Loving the Prusa i3 MK2S ! My first prints were flawless. However I let the printer sit on the floor for a month or two in my apartment (which stays around the same temp usually), took it out, and it needed a recalibration and the print I made had one or more SHIFTS in it.

These weren't continual shifts, but shifts here and there occasionally. My current theory is that this is due to me attempting to print to the very edge of the print bed. I note that when my printer starts up and sometimes when printing at the very edge the X-axis would "stutter" as it's hitting the limit. It would do this when trying to print along the edge as well. My theory: I believe this may have caused the printer to internally think the X-limit was more or less than the actual limit of the bed. Any temporary "offset" in it's memory would likely cause a shift in that entire layer. I did see a shift across all parts roughly at the same layer (I forget exactly but I'm pretty sure I saw this). Sometimes the shift varied in amount per part. I dunno about that.
Another theory I have is that its due to some sort of skew that is inconsistent across the bed. So that some parts have a different amount of shift depending on their position on the bed. Not sure.

It is currently printing another part which is much smaller and centered on the bed and it is having no problems. This is why I believe it was due to me printing at the very limits.

At the very least, this shows that there is some sort of bug when determining the maximum X value that the printer can go. I remember there's no X-stop for this thing right? Perhaps we need one?
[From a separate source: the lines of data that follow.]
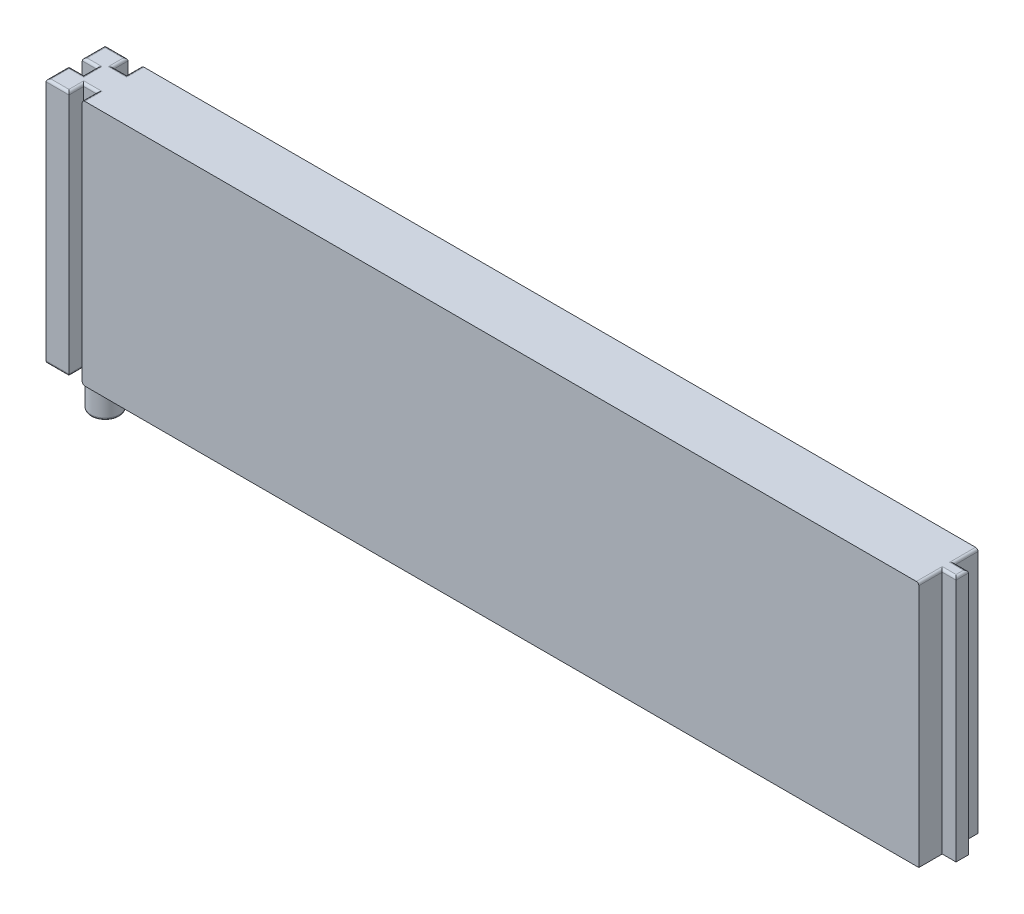
SolidWorks part; units mm, degrees
ref_plane "Plano frontal" through (0, 0, 0) normal (0, 0, 1) x (1, 0, 0)
ref_plane "Plano superior" through (0, 0, 0) normal (0, 1, 0) x (1, 0, 0)
ref_plane "Plano direito" through (0, 0, 0) normal (1, 0, 0) x (0, 0, -1)
sketch "Esboço2" plane through (0, 0, 0) normal (0, 1, 0) x (1, 0, 0)
  circle A0 centre (0, 0) radius 2.9
  dimension "D1" = 5.8
extrude "Ressalto-extrusão1" add sketch "Esboço2" along normal blind 8
fillet "Filete1" radius 0.5 1 edges at (0, 0, 2.9)
sketch "Esboço3" plane through (0, 8, 0) normal (0, 1, 0) x (1, 0, 0)
  line L1 (-6, 6) -> (6, 6)
  line L2 (-6, 6) -> (-6, -6)
  line L3 (-6, -6) -> (6, -6)
  line L4 (6, 6) -> (6, -6)
  line L5 (-6, 6) -> (6, -6) construction
  line L6 (-6, -6) -> (6, 6) construction
  point P0 (0, 0)
  dimension "D1" = 12
  dimension "D2" = 12
extrude "Ressalto-extrusão2" add sketch "Esboço3" along normal blind 50
sketch "Esboço4" plane through (0, 58, 0) normal (0, 1, 0) x (1, 0, 0)
  line L1 (6, 6) -> (-6, 6) construction
  line L2 (-1.35, 6) -> (-1.35, 3)
  line L3 (1.35, 6) -> (1.35, 3)
  line L4 (-1.35, 6) -> (1.35, 6)
  line L5 (1.35, 3) -> (-1.35, 3)
  line L6 (-10.8792, 0) -> (8.9125, 0) construction
  line L34 (1.35, -6) -> (1.35, -3)
  line L35 (-1.35, -3) -> (1.35, -3)
  line L36 (-1.35, -6) -> (-1.35, -3)
  line L37 (1.35, -6) -> (-1.35, -6)
  line L38 (-6, -1.35) -> (-3, -1.35)
  line L39 (-3, 1.35) -> (-3, -1.35)
  line L40 (-6, 1.35) -> (-3, 1.35)
  line L41 (-6, -1.35) -> (-6, 1.35)
  line L42 (6, 1.35) -> (3, 1.35) [skipped]
  line L43 (3, -1.35) -> (3, 1.35) [skipped]
  line L44 (6, -1.35) -> (3, -1.35) [skipped]
  line L45 (6, 1.35) -> (6, -1.35) [skipped]
  point P25 (0, 0)
  point P26 (0, 0)
  point P27 (0, 0)
  point P28 (0, 0.014)
  point P29 (0, 0)
  dimension "D1" = 4.65
  dimension "D2" = 2.7
  dimension "D3" = 3
  dimension "D4" = 4
extrude "Corte-extrusão1" cut sketch "Esboço4" against normal blind 50
fillet "Filete13" radius 0.5 13 edges at (1.35, 58, 4.5) (0, 58, 3) (-1.35, 58, 4.5) (-3.675, 58, 6) (-6, 58, 3.675) (-4.5, 58, 1.35) (-3, 58, 0) (1.35, 58, -4.5) (0, 58, -3) (-4.5, 58, -1.35) (-1.35, 58, -4.5) (-3.675, 58, -6) (-6, 58, -3.675)
fillet "Filete14" radius 0.5 13 edges at (0, 8, -3) (1.35, 8, 4.5) (0, 8, 3) (-1.35, 8, 4.5) (-3.675, 8, 6) (-6, 8, 3.675) (-4.5, 8, 1.35) (-3, 8, 0) (1.35, 8, -4.5) (-4.5, 8, -1.35) (-1.35, 8, -4.5) (-3.675, 8, -6) (-6, 8, -3.675)
sketch "Esboço5" plane through (6, 0, 0) normal (1, 0, 0) x (0, 0, -1)
  line L0 (-6, 8) -> (-6, 58)
  line L1 (-6, 58) -> (6, 58)
  line L2 (6, 58) -> (6, 8)
  line L3 (6, 8) -> (-6, 8)
extrude "Ressalto-extrusão3" add sketch "Esboço5" along normal blind 167.8
sketch "Esboço7" plane through (0, 58, 0) normal (0, 1, 0) x (1, 0, 0)
  line L0 (173.8, 6) -> (173.8, 1.25)
  line L1 (173.8, 6) -> (173.8, -6) construction
  line L2 (173.8, 1.25) -> (171, 1.25)
  line L3 (171, 1.25) -> (171, 6)
  line L4 (173.8, 6) -> (1.85, 6) construction
  line L5 (171, 6) -> (173.8, 6)
  line L6 (173.8, -6) -> (173.8, -1.25)
  line L7 (173.8, -1.25) -> (171, -1.25)
  line L8 (171, -1.25) -> (171, -6)
  line L9 (1.85, -6) -> (173.8, -6) construction
  line L10 (171, -6) -> (173.8, -6)
  dimension "D1" = 2.8
  dimension "D2" = 2.8
  dimension "D3" = 4.75
  dimension "D4" = 4.75
extrude "Corte-extrusão2" cut sketch "Esboço7" against normal blind 50
fillet "Filete16" radius 0.5 5 edges at (171, 58, -3.625) (171, 58, 3.625) (172.4, 58, -1.25) (173.8, 58, 0) (172.4, 58, 1.25)

FYI this is a brand new printer I assembled myself. Only other flaw I can think of in it is that I left the Y carriage squaring bolts a little looser than I should have probably but I wanted to be able to press down on the 4 corners to flatten the bed (I do this frequently). Also it is more difficult to tighten the corners without unintentionally putting twist on it. You'd need to clamp the bed in between two perfectly flat surfaces before tightening down in order to ensure there was no twist put on it when you tightened it.

Anyways that's all for now. I've been printing parts I made from CAD and I'm surprised how easy CAD is compared to regular 3D modeling. Its like woodworking or machining! I'm using OnShape to do it which I'm very impressed with despite it being web-based & Android software. I do find that the tolerances of hole-widths are somewhat generous, up to 0.75 mm sometimes. I wonder if this is because my filament is too squished? I remember live-adusting-z so that it was a pretty squashed line and alot less a bead.

Toodles and happy printing!

Shorin

Napsal : 22/12/2017 2:09 pm
Jim Cook
(@jim-cook)
Trusted Member
Re: Print shifts (single shifts not continuous)

Shorin, I like your thoughts on what you are experiencing with your printer. I hope you continue your experimenting and share your thoughts with us here.

Napsal : 22/12/2017 4:04 pm
Night Skies
(@night-skies)
Active Member
Topic starter answered:
Re: Print shifts (single shifts not continuous)

My next prints came out flawlessly. I think the printer definitely moved past the X-edge of the surface (despite the stop switch) and caused a shift in the whole print. Perhaps my stop switch is not working or misaligned so that it doesn't work.